§ Problem to solve
I'd like the entries reproduced exactly, with all pictures omitted.

Data excerpts

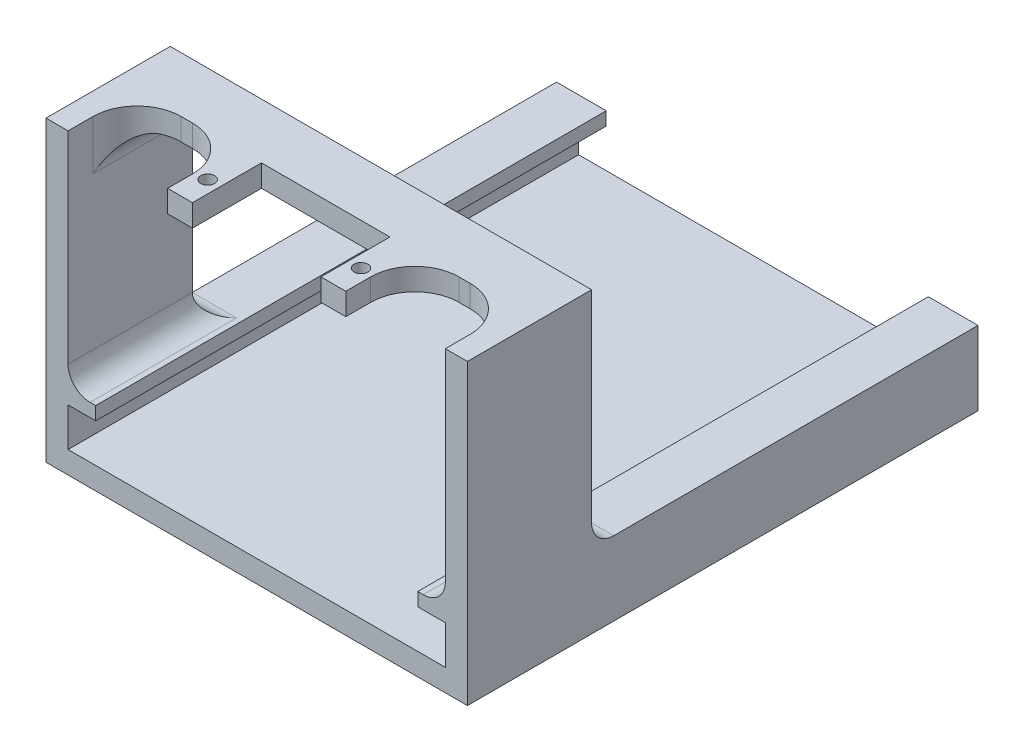
from build123d import *

# Parameters (mm, degrees)
EXTRUDE_7_DEPTH      = 5
EXTRUDE_7_DEPTH_BACK = 5
SKETCH_1_W           = 76.35
SKETCH_1_H           = 54
EXTRUDE_8_DEPTH      = 12.5
EXTRUDE_8_DEPTH_BACK = 80
SKETCH_3_W           = 4.5
SKETCH_3_H           = 4
SKETCH_3_W_2         = 4
SKETCH_3_H_2         = 40.6
EXTRUDE_9_DEPTH      = 12.5
SKETCH_5_R           = 1.25
CUT_EXTRUDE_1_DEPTH  = 12.5
FILLET_1_R           = 4
FILLET_2_R           = 4
FILLET_3_R           = 8
FILLET_4_R           = 8
FILLET_5_R           = 8
FILLET_6_R           = 8
FILLET_7_R           = 5
FILLET_8_R           = 5
FILLET_9_R           = 4
FILLET_10_R          = 4


with BuildPart() as part:
    # Эскиз1 → Бобышка-Вытянуть7 (new, two sides: drawn at the far end of the back side and taken through both)
    with BuildSketch(Plane.XY.offset(-EXTRUDE_7_DEPTH_BACK)):
        with Locations((38.175, -23)):
            Rectangle(SKETCH_1_W, SKETCH_1_H)
        Polygon((72.35, 0), (72.35, -36.6), (67.35, -36.6), (67.35, -39), (72.35, -39), (72.35, -46), (4, -46), (4, -39), (9, -39), (9, -36.6), (4, -36.6), (4, 0), align=None, mode=Mode.SUBTRACT)
    extrude(amount=EXTRUDE_7_DEPTH + EXTRUDE_7_DEPTH_BACK)

    # Эскиз2 → Бобышка-Вытянуть8 (add, two sides: drawn at the far end of the back side and taken through both)
    with BuildSketch(Plane.XY.offset(5).offset(-EXTRUDE_8_DEPTH_BACK)):
        Polygon((4, -46), (4, -39), (9, -39), (9, -36.6), (4, -36.6), (0, -36.6), (0, -50), (76.35, -50), (76.35, -36.6), (72.35, -36.6), (67.35, -36.6), (67.35, -39), (72.35, -39), (72.35, -46), align=None)
    extrude(amount=EXTRUDE_8_DEPTH + EXTRUDE_8_DEPTH_BACK)

    # Эскиз3 → Бобышка-Вытянуть9 (add)
    with BuildSketch(Plane.XY.offset(5)):
        with Locations((52.065, 2)):
            Rectangle(SKETCH_3_W, SKETCH_3_H)
        with Locations((24.285, 2)):
            Rectangle(SKETCH_3_W, SKETCH_3_H)
        with Locations((2, -16.3)):
            Rectangle(SKETCH_3_W_2, SKETCH_3_H_2)
        with Locations((74.35, -16.3)):
            Rectangle(SKETCH_3_W_2, SKETCH_3_H_2)
    extrude(amount=EXTRUDE_9_DEPTH)

    # Эскиз5 → Вырез-Вытянуть1 (cut)
    with BuildSketch(Plane(origin=(0, 4, 0), x_dir=(1, 0, 0), z_dir=(0, 1, 0))):
        with Locations((24.285, -12.5)):
            Circle(SKETCH_5_R)
        with Locations((52.065, -12.5)):
            Circle(SKETCH_5_R)
    extrude(amount=-CUT_EXTRUDE_1_DEPTH, mode=Mode.SUBTRACT)

    # Скругление1
    fillet_1_edges = [part.edges().sort_by_distance(p)[0] for p in [
        (2, -36.6, -5),
    ]]
    fillet(fillet_1_edges, radius=FILLET_1_R)

    # Скругление2
    fillet_2_edges = [part.edges().sort_by_distance(p)[0] for p in [
        (74.35, -36.6, -5),
    ]]
    fillet(fillet_2_edges, radius=FILLET_2_R)

    # Скругление3
    fillet_3_edges = [part.edges().sort_by_distance(p)[0] for p in [
        (4, 2, 5),
    ]]
    fillet(fillet_3_edges, radius=FILLET_3_R)

    # Скругление4
    fillet_4_edges = [part.edges().sort_by_distance(p)[0] for p in [
        (72.35, 2, 5),
    ]]
    fillet(fillet_4_edges, radius=FILLET_4_R)

    # Скругление5
    fillet_5_edges = [part.edges().sort_by_distance(p)[0] for p in [
        (22.035, 2, 5),
    ]]
    fillet(fillet_5_edges, radius=FILLET_5_R)

    # Скругление6
    fillet_6_edges = [part.edges().sort_by_distance(p)[0] for p in [
        (54.315, 2, 5),
    ]]
    fillet(fillet_6_edges, radius=FILLET_6_R)

    # Скругление7
    fillet_7_edges = [part.edges().sort_by_distance(p)[0] for p in [
        (72.35, 0, 4),
    ]]
    fillet(fillet_7_edges, radius=FILLET_7_R)

    # Скругление8
    fillet_8_edges = [part.edges().sort_by_distance(p)[0] for p in [
        (4, 0, 4),
    ]]
    fillet(fillet_8_edges, radius=FILLET_8_R)

    # Скругление9
    fillet_9_edges = [part.edges().sort_by_distance(p)[0] for p in [
        (4, -36.6, 4.25),
    ]]
    fillet(fillet_9_edges, radius=FILLET_9_R)

    # Скругление10
    fillet_10_edges = [part.edges().sort_by_distance(p)[0] for p in [
        (72.35, -36.6, 4.25),
    ]]
    fillet(fillet_10_edges, radius=FILLET_10_R)


solid = part.part

§ Solution to the problem
from build123d import *

# Parameters (mm, degrees)
EXTRUDE_7_DEPTH      = 5
EXTRUDE_7_DEPTH_BACK = 5
SKETCH_1_W           = 76.35
SKETCH_1_H           = 54
EXTRUDE_8_DEPTH      = 12.5
EXTRUDE_8_DEPTH_BACK = 80
SKETCH_3_W           = 4.5
SKETCH_3_H           = 4
SKETCH_3_W_2         = 4
SKETCH_3_H_2         = 40.6
EXTRUDE_9_DEPTH      = 12.5
SKETCH_5_R           = 1.25
CUT_EXTRUDE_1_DEPTH  = 12.5
FILLET_1_R           = 4
FILLET_2_R           = 4
FILLET_3_R           = 8
FILLET_4_R           = 8
FILLET_5_R           = 8
FILLET_6_R           = 8
FILLET_7_R           = 5
FILLET_8_R           = 5
FILLET_9_R           = 4
FILLET_10_R          = 4


with BuildPart() as part:
    # Эскиз1 → Бобышка-Вытянуть7 (new, two sides: drawn at the far end of the back side and taken through both)
    with BuildSketch(Plane.XY.offset(-EXTRUDE_7_DEPTH_BACK)):
        with Locations((38.175, -23)):
            Rectangle(SKETCH_1_W, SKETCH_1_H)
        Polygon((72.35, 0), (72.35, -36.6), (67.35, -36.6), (67.35, -39), (72.35, -39), (72.35, -46), (4, -46), (4, -39), (9, -39), (9, -36.6), (4, -36.6), (4, 0), align=None, mode=Mode.SUBTRACT)
    extrude(amount=EXTRUDE_7_DEPTH + EXTRUDE_7_DEPTH_BACK)

    # Эскиз2 → Бобышка-Вытянуть8 (add, two sides: drawn at the far end of the back side and taken through both)
    with BuildSketch(Plane.XY.offset(5).offset(-EXTRUDE_8_DEPTH_BACK)):
        Polygon((4, -46), (4, -39), (9, -39), (9, -36.6), (4, -36.6), (0, -36.6), (0, -50), (76.35, -50), (76.35, -36.6), (72.35, -36.6), (67.35, -36.6), (67.35, -39), (72.35, -39), (72.35, -46), align=None)
    extrude(amount=EXTRUDE_8_DEPTH + EXTRUDE_8_DEPTH_BACK)

    # Эскиз3 → Бобышка-Вытянуть9 (add)
    with BuildSketch(Plane.XY.offset(5)):
        with Locations((52.065, 2)):
            Rectangle(SKETCH_3_W, SKETCH_3_H)
        with Locations((24.285, 2)):
            Rectangle(SKETCH_3_W, SKETCH_3_H)
        with Locations((2, -16.3)):
            Rectangle(SKETCH_3_W_2, SKETCH_3_H_2)
        with Locations((74.35, -16.3)):
            Rectangle(SKETCH_3_W_2, SKETCH_3_H_2)
    extrude(amount=EXTRUDE_9_DEPTH)

    # Эскиз5 → Вырез-Вытянуть1 (cut)
    with BuildSketch(Plane(origin=(0, 4, 0), x_dir=(1, 0, 0), z_dir=(0, 1, 0))):
        with Locations((24.285, -12.5)):
            Circle(SKETCH_5_R)
        with Locations((52.065, -12.5)):
            Circle(SKETCH_5_R)
    extrude(amount=-CUT_EXTRUDE_1_DEPTH, mode=Mode.SUBTRACT)

    # Скругление1
    fillet_1_edges = [part.edges().sort_by_distance(p)[0] for p in [
        (2, -36.6, -5),
    ]]
    fillet(fillet_1_edges, radius=FILLET_1_R)

    # Скругление2
    fillet_2_edges = [part.edges().sort_by_distance(p)[0] for p in [
        (74.35, -36.6, -5),
    ]]
    fillet(fillet_2_edges, radius=FILLET_2_R)

    # Скругление3
    fillet_3_edges = [part.edges().sort_by_distance(p)[0] for p in [
        (4, 2, 5),
    ]]
    fillet(fillet_3_edges, radius=FILLET_3_R)

    # Скругление4
    fillet_4_edges = [part.edges().sort_by_distance(p)[0] for p in [
        (72.35, 2, 5),
    ]]
    fillet(fillet_4_edges, radius=FILLET_4_R)

    # Скругление5
    fillet_5_edges = [part.edges().sort_by_distance(p)[0] for p in [
        (22.035, 2, 5),
    ]]
    fillet(fillet_5_edges, radius=FILLET_5_R)

    # Скругление6
    fillet_6_edges = [part.edges().sort_by_distance(p)[0] for p in [
        (54.315, 2, 5),
    ]]
    fillet(fillet_6_edges, radius=FILLET_6_R)

    # Скругление7
    fillet_7_edges = [part.edges().sort_by_distance(p)[0] for p in [
        (72.35, 0, 4),
    ]]
    fillet(fillet_7_edges, radius=FILLET_7_R)

    # Скругление8
    fillet_8_edges = [part.edges().sort_by_distance(p)[0] for p in [
        (4, 0, 4),
    ]]
    fillet(fillet_8_edges, radius=FILLET_8_R)

    # Скругление9
    fillet_9_edges = [part.edges().sort_by_distance(p)[0] for p in [
        (4, -36.6, 4.25),
    ]]
    fillet(fillet_9_edges, radius=FILLET_9_R)

    # Скругление10
    fillet_10_edges = [part.edges().sort_by_distance(p)[0] for p in [
        (72.35, -36.6, 4.25),
    ]]
    fillet(fillet_10_edges, radius=FILLET_10_R)


solid = part.part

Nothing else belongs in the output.